# Merry Christmas, Gregor



## Holly (Dec 31, 2006)

First, I'm so sorry to bother everyone. Since his passing on Valentine's day, 2007, this will have been the third "Gregor" thread that I've posted in this section, and I know I'm getting long-winded about it, but I don't know where else to express my feelings.

Last Christmas, my first rat and "heart rat," Gregor Samsa was alive and very healthy. He liked to get into the presents, and chew up the bows, and rip the paper. I got him a special gift for the holiday - an engraved plaque, to honor him for being "an extraordinary pet and an extraordinary soul." (It's small, rat sized.) Little did I know that it would be his one and only Xmas present, ever.

We only celebrated one birthday together, too - I got him a teeny brownie, with one candle on it, and the family, who thought I was nuts, and I sang him Happy Birthday, and I blew out the candle while he made a wish, and after he opened his presents - toys - he got to take his little cake home and eat it.

This is my first Xmas without Gregor, and I miss him so much! I think about him all the time. I never thought that this beautiful baby would only ever have one Xmas, ever. I cry a lot over it.

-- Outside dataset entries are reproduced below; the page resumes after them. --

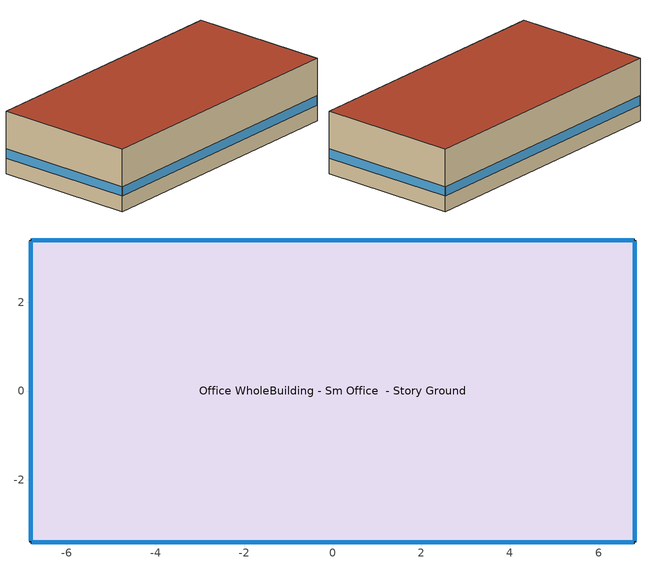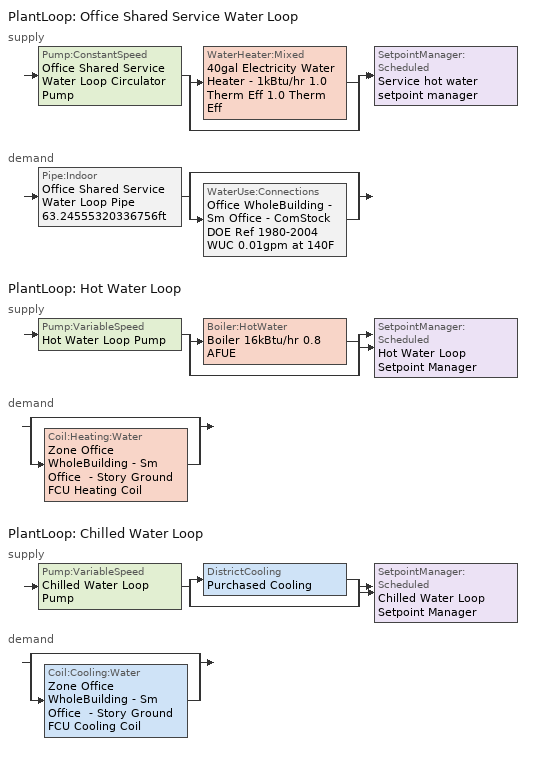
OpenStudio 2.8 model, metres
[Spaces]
Office WholeBuilding - Sm Office  - Story Ground
 floor ground (ext-slab): -6.82,-3.41 -6.82,3.41 6.82,3.41 6.82,-3.41 z0
 wall outside (Typical Insulated Exterior Mass Wall R-4.35): -6.82,3.41 -6.82,-3.41 6.82,-3.41 6.82,3.41 -6.82,3.41 z0:3.05
 window (U 1.22 SHGC 0.54 Simple Glazing Window SHGC 0.54): -6.82,3.38 -6.82,-3.38 / 6.82,-3.38 6.82,3.38 / 6.79,3.41 -6.79,3.41 / -6.79,-3.41 6.79,-3.41 z0.76:1.22
 roof outside (Typical IEAD Roof R-10.0): 6.82,-3.41 6.82,3.41 -6.82,3.41 -6.82,-3.41 z3.05
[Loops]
PlantLoop 'Office Shared Service Water Loop'
 supply: Pump:ConstantSpeed 'Office Shared Service Water Loop Circulator Pump' > split
  | WaterHeater:Mixed '40gal Electricity Water Heater - 1kBtu/hr 1.0 Therm Eff 1.0 Therm Eff'
  | bypass
  join > SetpointManager:Scheduled 'Service hot water setpoint manager'
 demand: Pipe:Indoor 'Office Shared Service Water Loop Pipe 63.24555320336756ft' > split
  | bypass
  | WaterUse:Connections 'Office WholeBuilding - Sm Office - ComStock DOE Ref 1980-2004 WUC 0.01gpm at 140F'
PlantLoop 'Hot Water Loop'
 supply: Pump:VariableSpeed 'Hot Water Loop Pump' > split
  | Boiler:HotWater 'Boiler 16kBtu/hr 0.8 AFUE'
  | bypass
  join > SetpointManager:Scheduled 'Hot Water Loop Setpoint Manager'
 demand: split
  | bypass
  | Coil:Heating:Water 'Zone Office WholeBuilding - Sm Office  - Story Ground FCU Heating Coil'
PlantLoop 'Chilled Water Loop'
 supply: Pump:VariableSpeed 'Chilled Water Loop Pump' > split
  | DistrictCooling 'Purchased Cooling'
  | bypass
  join > SetpointManager:Scheduled 'Chilled Water Loop Setpoint Manager'
 demand: split
  | bypass
  | Coil:Cooling:Water 'Zone Office WholeBuilding - Sm Office  - Story Ground FCU Cooling Coil'
[Site]
San Diego Lindbergh_CA_USA: Latitude {deg}=32.74; Longitude {deg}=-117.17; Time Zone {hr}=-8; Elevation {m}=9; Terrain=City
[Site:WaterMainsTemperature]
Calculation Method=Correlation; Annual Average Outdoor Air Temperature {C}=18.6775; Maximum Difference In Monthly Average Outdoor Air Temperatures {deltaC}=7.48
[SizingPeriod:DesignDay] Barometric Pressure {Pa}=101217; Sky Clearness=0; Rain Indicator=0; Snow Indicator=0; Day of Month=21; Daylight Saving Time Indicator=0; Dry-Bulb Temperature Range Modifier Type=DefaultMultipliers
Name | Maximum Dry-Bulb Temperature {C} | Daily Dry-Bulb Temperature Range {deltaC} | Humidity Indicating Conditions at Maximum Dry-Bulb | Wind Speed {m/s} | Wind Direction {deg} | Month | Day Type | Humidity Indicating Type | Solar Model Indicator | ASHRAE Taub | ASHRAE Taud
San Diego Lindbergh Ann Clg .4% Condns DB=>MWB 1 | 28.4 | 4.8 | 18.3 | 4.2 | 300 | 8 | SummerDesignDay | Wetbulb | ASHRAETau | 0.37 | 2.434
San Diego Lindbergh Ann Clg .4% Condns WB=>MDB 1 | 25.3 | 4.8 | 21.6 | 4.2 | 300 | 8 | SummerDesignDay | Wetbulb | ASHRAETau | 0.37 | 2.434
San Diego Lindbergh Ann Clg 1% Condns DB=>MWB 1 | 26.8 | 4.8 | 18.5 | 4.2 | 300 | 8 | SummerDesignDay | Wetbulb | ASHRAETau | 0.37 | 2.434
San Diego Lindbergh Ann Clg 2% Condns DP=>MDB 1 | 22.5 | 4.8 | 19 | 4.2 | 300 | 8 | SummerDesignDay | Dewpoint | ASHRAETau | 0.37 | 2.434
San Diego Lindbergh Ann Htg 99% Condns DB 1 | 8 | 0 | 8 | 1.1 | 340 | 12 | WinterDesignDay | Wetbulb | ASHRAEClearSky
San Diego Lindbergh Ann Htg 99.6% Condns DB 1 | 7.1 | 0 | 7.1 | 1.1 | 340 | 12 | WinterDesignDay | Wetbulb | ASHRAEClearSky
San Diego Lindbergh Ann Htg Wind 99% Condns WS=>MCDB 1 | 15.1 | 0 | 15.1 | 8.2 | 340 | 12 | WinterDesignDay | Wetbulb | ASHRAEClearSky
San Diego Lindbergh April .4% Condns DB=>MCWB 1 | 29.5 | 5.9 | 14.6 | 4.2 | 300 | 4 | SummerDesignDay | Wetbulb | ASHRAETau | 0.327 | 2.516
San Diego Lindbergh April .4% Condns WB=>MCDB 1 | 23 | 5.9 | 18.2 | 4.2 | 300 | 4 | SummerDesignDay | Wetbulb | ASHRAETau | 0.327 | 2.516
San Diego Lindbergh August .4% Condns DB=>MCWB 1 | 29.3 | 4.8 | 21 | 4.2 | 300 | 8 | SummerDesignDay | Wetbulb | ASHRAETau | 0.37 | 2.434
San Diego Lindbergh August .4% Condns WB=>MCDB 1 | 26.8 | 4.8 | 22.6 | 4.2 | 300 | 8 | SummerDesignDay | Wetbulb | ASHRAETau | 0.37 | 2.434
San Diego Lindbergh December .4% Condns DB=>MCWB 1 | 24 | 8.4 | 12 | 4.2 | 300 | 12 | SummerDesignDay | Wetbulb | ASHRAETau | 0.331 | 2.644
San Diego Lindbergh December .4% Condns WB=>MCDB 1 | 17.8 | 8.4 | 15.8 | 4.2 | 300 | 12 | SummerDesignDay | Wetbulb | ASHRAETau | 0.331 | 2.644
San Diego Lindbergh February .4% Condns DB=>MCWB 1 | 26.2 | 7.2 | 13.3 | 4.2 | 300 | 2 | SummerDesignDay | Wetbulb | ASHRAETau | 0.33 | 2.63
San Diego Lindbergh February .4% Condns WB=>MCDB 1 | 18.6 | 7.2 | 16.2 | 4.2 | 300 | 2 | SummerDesignDay | Wetbulb | ASHRAETau | 0.33 | 2.63
San Diego Lindbergh January .4% Condns DB=>MCWB 1 | 25.5 | 8.3 | 12.4 | 4.2 | 300 | 1 | SummerDesignDay | Wetbulb | ASHRAETau | 0.322 | 2.685
San Diego Lindbergh January .4% Condns WB=>MCDB 1 | 17.6 | 8.3 | 16.1 | 4.2 | 300 | 1 | SummerDesignDay | Wetbulb | ASHRAETau | 0.322 | 2.685
San Diego Lindbergh July .4% Condns DB=>MCWB 1 | 27.5 | 4.6 | 20.9 | 4.2 | 300 | 7 | SummerDesignDay | Wetbulb | ASHRAETau | 0.355 | 2.436
San Diego Lindbergh July .4% Condns WB=>MCDB 1 | 25.8 | 4.6 | 22 | 4.2 | 300 | 7 | SummerDesignDay | Wetbulb | ASHRAETau | 0.355 | 2.436
San Diego Lindbergh June .4% Condns DB=>MCWB 1 | 27.3 | 4.4 | 19.4 | 4.2 | 300 | 6 | SummerDesignDay | Wetbulb | ASHRAETau | 0.34 | 2.424
San Diego Lindbergh June .4% Condns WB=>MCDB 1 | 24.5 | 4.4 | 20.2 | 4.2 | 300 | 6 | SummerDesignDay | Wetbulb | ASHRAETau | 0.34 | 2.424
San Diego Lindbergh March .4% Condns DB=>MCWB 1 | 27.1 | 6.3 | 14.1 | 4.2 | 300 | 3 | SummerDesignDay | Wetbulb | ASHRAETau | 0.336 | 2.543
San Diego Lindbergh March .4% Condns WB=>MCDB 1 | 20.8 | 6.3 | 16.7 | 4.2 | 300 | 3 | SummerDesignDay | Wetbulb | ASHRAETau | 0.336 | 2.543
San Diego Lindbergh May .4% Condns DB=>MCWB 1 | 26.3 | 4.6 | 16.6 | 4.2 | 300 | 5 | SummerDesignDay | Wetbulb | ASHRAETau | 0.339 | 2.453
San Diego Lindbergh May .4% Condns WB=>MCDB 1 | 23.1 | 4.6 | 19 | 4.2 | 300 | 5 | SummerDesignDay | Wetbulb | ASHRAETau | 0.339 | 2.453
San Diego Lindbergh November .4% Condns DB=>MCWB 1 | 28.7 | 8.1 | 14.6 | 4.2 | 300 | 11 | SummerDesignDay | Wetbulb | ASHRAETau | 0.333 | 2.622
San Diego Lindbergh November .4% Condns WB=>MCDB 1 | 20.6 | 8.1 | 18.1 | 4.2 | 300 | 11 | SummerDesignDay | Wetbulb | ASHRAETau | 0.333 | 2.622
San Diego Lindbergh October .4% Condns DB=>MCWB 1 | 30.3 | 6.1 | 16.2 | 4.2 | 300 | 10 | SummerDesignDay | Wetbulb | ASHRAETau | 0.346 | 2.562
San Diego Lindbergh October .4% Condns WB=>MCDB 1 | 24.8 | 6.1 | 20.7 | 4.2 | 300 | 10 | SummerDesignDay | Wetbulb | ASHRAETau | 0.346 | 2.562
San Diego Lindbergh September .4% Condns DB=>MCWB 1 | 30.4 | 5.4 | 20.3 | 4.2 | 300 | 9 | SummerDesignDay | Wetbulb | ASHRAETau | 0.355 | 2.526
San Diego Lindbergh September .4% Condns WB=>MCDB 1 | 27 | 5.4 | 22.4 | 4.2 | 300 | 9 | SummerDesignDay | Wetbulb | ASHRAETau | 0.355 | 2.526
[ClimateZones]
Climate Zone Institution Name 1=ASHRAE; Climate Zone Document Name 1=ANSI/ASHRAE Standard 169; Climate Zone Document Year 1=2006; Climate Zone Value 1=ASHRAE 169-2013-3B
[Building]
ComStock DOE Ref 1980-2004|SmallOffice: North Axis {deg}=270; Default Construction Set=Res ComStock DOE Ref 1980-2004 - Office - ASHRAE 169-2013-3B; Default Schedule Set=Building Default Schedule Set; Standards Building Type=Office
[Site:GroundTemperature:BuildingSurface]
19.527, 19.502, 19.536, 19.598, 20.002, 21.64, 22.225, 22.375, 21.449, 20.121, 19.802, 19.633
[DefaultConstructionSet]
Res ComStock DOE Ref 1980-2004 - Office - ASHRAE 169-2013-3B: Default Exterior Surface Constructions=Default Surface Constructions 1; Default Interior Surface Constructions=Default Surface Constructions 2; Default Ground Contact Surface Constructions=Default Surface Constructions 3; Default Exterior SubSurface Constructions=Default Sub Surface Constructions 1; Default Interior SubSurface Constructions=Default Sub Surface Constructions 2; Interior Partition Construction=Typical Interior Partition
[DefaultSurfaceConstructions]
Name | Floor Construction | Wall Construction | Roof Ceiling Construction
Default Surface Constructions 1 | Typical Insulated Exterior Mass Floor | Typical Insulated Exterior Mass Wall R-3.45 | Typical IEAD Roof R-20.83
Default Surface Constructions 2 | Typical Interior Floor | Typical Interior Wall | Typical Interior Ceiling
Default Surface Constructions 3 | ext-slab-mass | Typical Insulated Basement Mass Wall
[Construction]
Typical Insulated Exterior Mass Floor: Typical Insulation R-1.06, 4 in. Normalweight Concrete Floor, Typical Carpet Pad
Typical Insulated Exterior Mass Wall R-3.45: 1IN Stucco, 8IN CONCRETE HW RefBldg, Typical Insulation R-1.06, 1/2IN Gypsum
Typical IEAD Roof R-20.83: Roof Membrane, Typical Insulation R-19.72, Metal Roof Surface
Typical Interior Floor: 100mm Normalweight concrete floor, CP02 CARPET PAD
Typical Interior Wall: G01 13mm gypsum board, G01 13mm gypsum board
Typical Interior Ceiling: CP02 CARPET PAD, 100mm Normalweight concrete floor
ext-slab-mass: HW CONCRETE, CP02 CARPET PAD
Typical Insulated Basement Mass Wall: 8 in. Concrete Block Basement Wall
U 1.22 SHGC 0.25 Simple Glazing Window SHGC 0.25: U 1.22 SHGC 0.25 Simple Glazing SHGC 0.25
U 1.22 SHGC 0.25 Simple Glazing Window SHGC 0.25 1: U 1.22 SHGC 0.25 Simple Glazing SHGC 0.25 1
Typical Insulated Metal Door: F08 Metal surface, Typical Insulation R-1.96
U 0.88 SHGC 0.16 Sgl Ref-A-L Clr 6mm: REF A CLEAR LO 6MM
Typical Overhead Door: Typical Insulation R-1.96
Typical Interior Window: Clear 3mm
Typical Interior Door; Typical Interior Partition: G05 25mm wood
Copper pipe 0.75in type L with 0.5in fiberglass batt: Fiberglass batt 0.5in, Copper pipe 0.75in type L
InteriorFurnishings 1: Std Wood 6inch 1
ext-slab: 6 in. Normalweight Concrete Floor
Typical Insulated Exterior Mass Wall R-4.35: 1IN Stucco, 8IN CONCRETE HW RefBldg, Typical Insulation R-1.96, 1/2IN Gypsum
Typical IEAD Roof R-10.0: Roof Membrane, Typical Insulation R-8.88, Metal Roof Surface
U 1.22 SHGC 0.54 Simple Glazing Window SHGC 0.54: U 1.22 SHGC 0.54 Simple Glazing SHGC 0.54
[Material:NoMass] Roughness=Smooth; Thermal Absorptance=0.9; Solar Absorptance=0.7
Name | Thermal Resistance {m2-K/W} | Visible Absorptance
Typical Insulation R-1.06 | 0.18664 | 0.7
Typical Carpet Pad; CP02 CARPET PAD | 0.21648 | 0.8
Typical Insulation R-19.72 | 3.4722 | 0.7
Typical Insulation R-1.96 | 0.34506 | 0.7
Typical Insulation R-8.88 | 1.56434 | 0.7
[Material]
Name | Roughness | Thickness {m} | Conductivity {W/m-K} | Density {kg/m3} | Specific Heat {J/kg-K} | Thermal Absorptance | Solar Absorptance | Visible Absorptance
4 in. Normalweight Concrete Floor | MediumRough | 0.1016 | 2.31 | 2322 | 832 | 0.9 | 0.7 | 0.7
1IN Stucco | Smooth | 0.0253 | 0.6918 | 1858 | 837 | 0.9 | 0.7 | 0.92
8IN CONCRETE HW RefBldg | Rough | 0.2032 | 1.311 | 2240 | 836.8 | 0.9 | 0.7 | 0.7
1/2IN Gypsum | Smooth | 0.0127 | 0.16 | 784.9 | 830 | 0.9 | 0.4 | 0.4
Roof Membrane | VeryRough | 0.0095 | 0.16 | 1121.29 | 1460 | 0.9 | 0.7 | 0.7
Metal Roof Surface; F08 Metal surface | Smooth | 0.0008 | 45.28 | 7824 | 500 | 0.9 | 0.7 | 0.7
100mm Normalweight concrete floor | MediumRough | 0.1016 | 2.31045 | 2322 | 832.557 |  | 0 | 0
G01 13mm gypsum board | Smooth | 0.0127 | 0.160031 | 800.001 | 1090.73 | 0.9 | 0.7 | 0.5
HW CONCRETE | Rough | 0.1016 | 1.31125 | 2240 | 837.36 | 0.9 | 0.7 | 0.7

Of course, it's not even to be considered that I don't love my current babies "as much" as Gregor. I love all of them, Gregor, Gus, and Boo as much as anyone can love anyone. Gus is a big, squishy bundle of "pet me," and Boo is the cutest little troublemaker in the world.

It's just that I never really imagined the day that I would be without my Gregor. And now that it's Xmas and he's gone, I think about how he deserved so much better than the short life he had. He deserved to have more than one Xmas. He deserved to grow old, and to become a wizened "squishy laprat."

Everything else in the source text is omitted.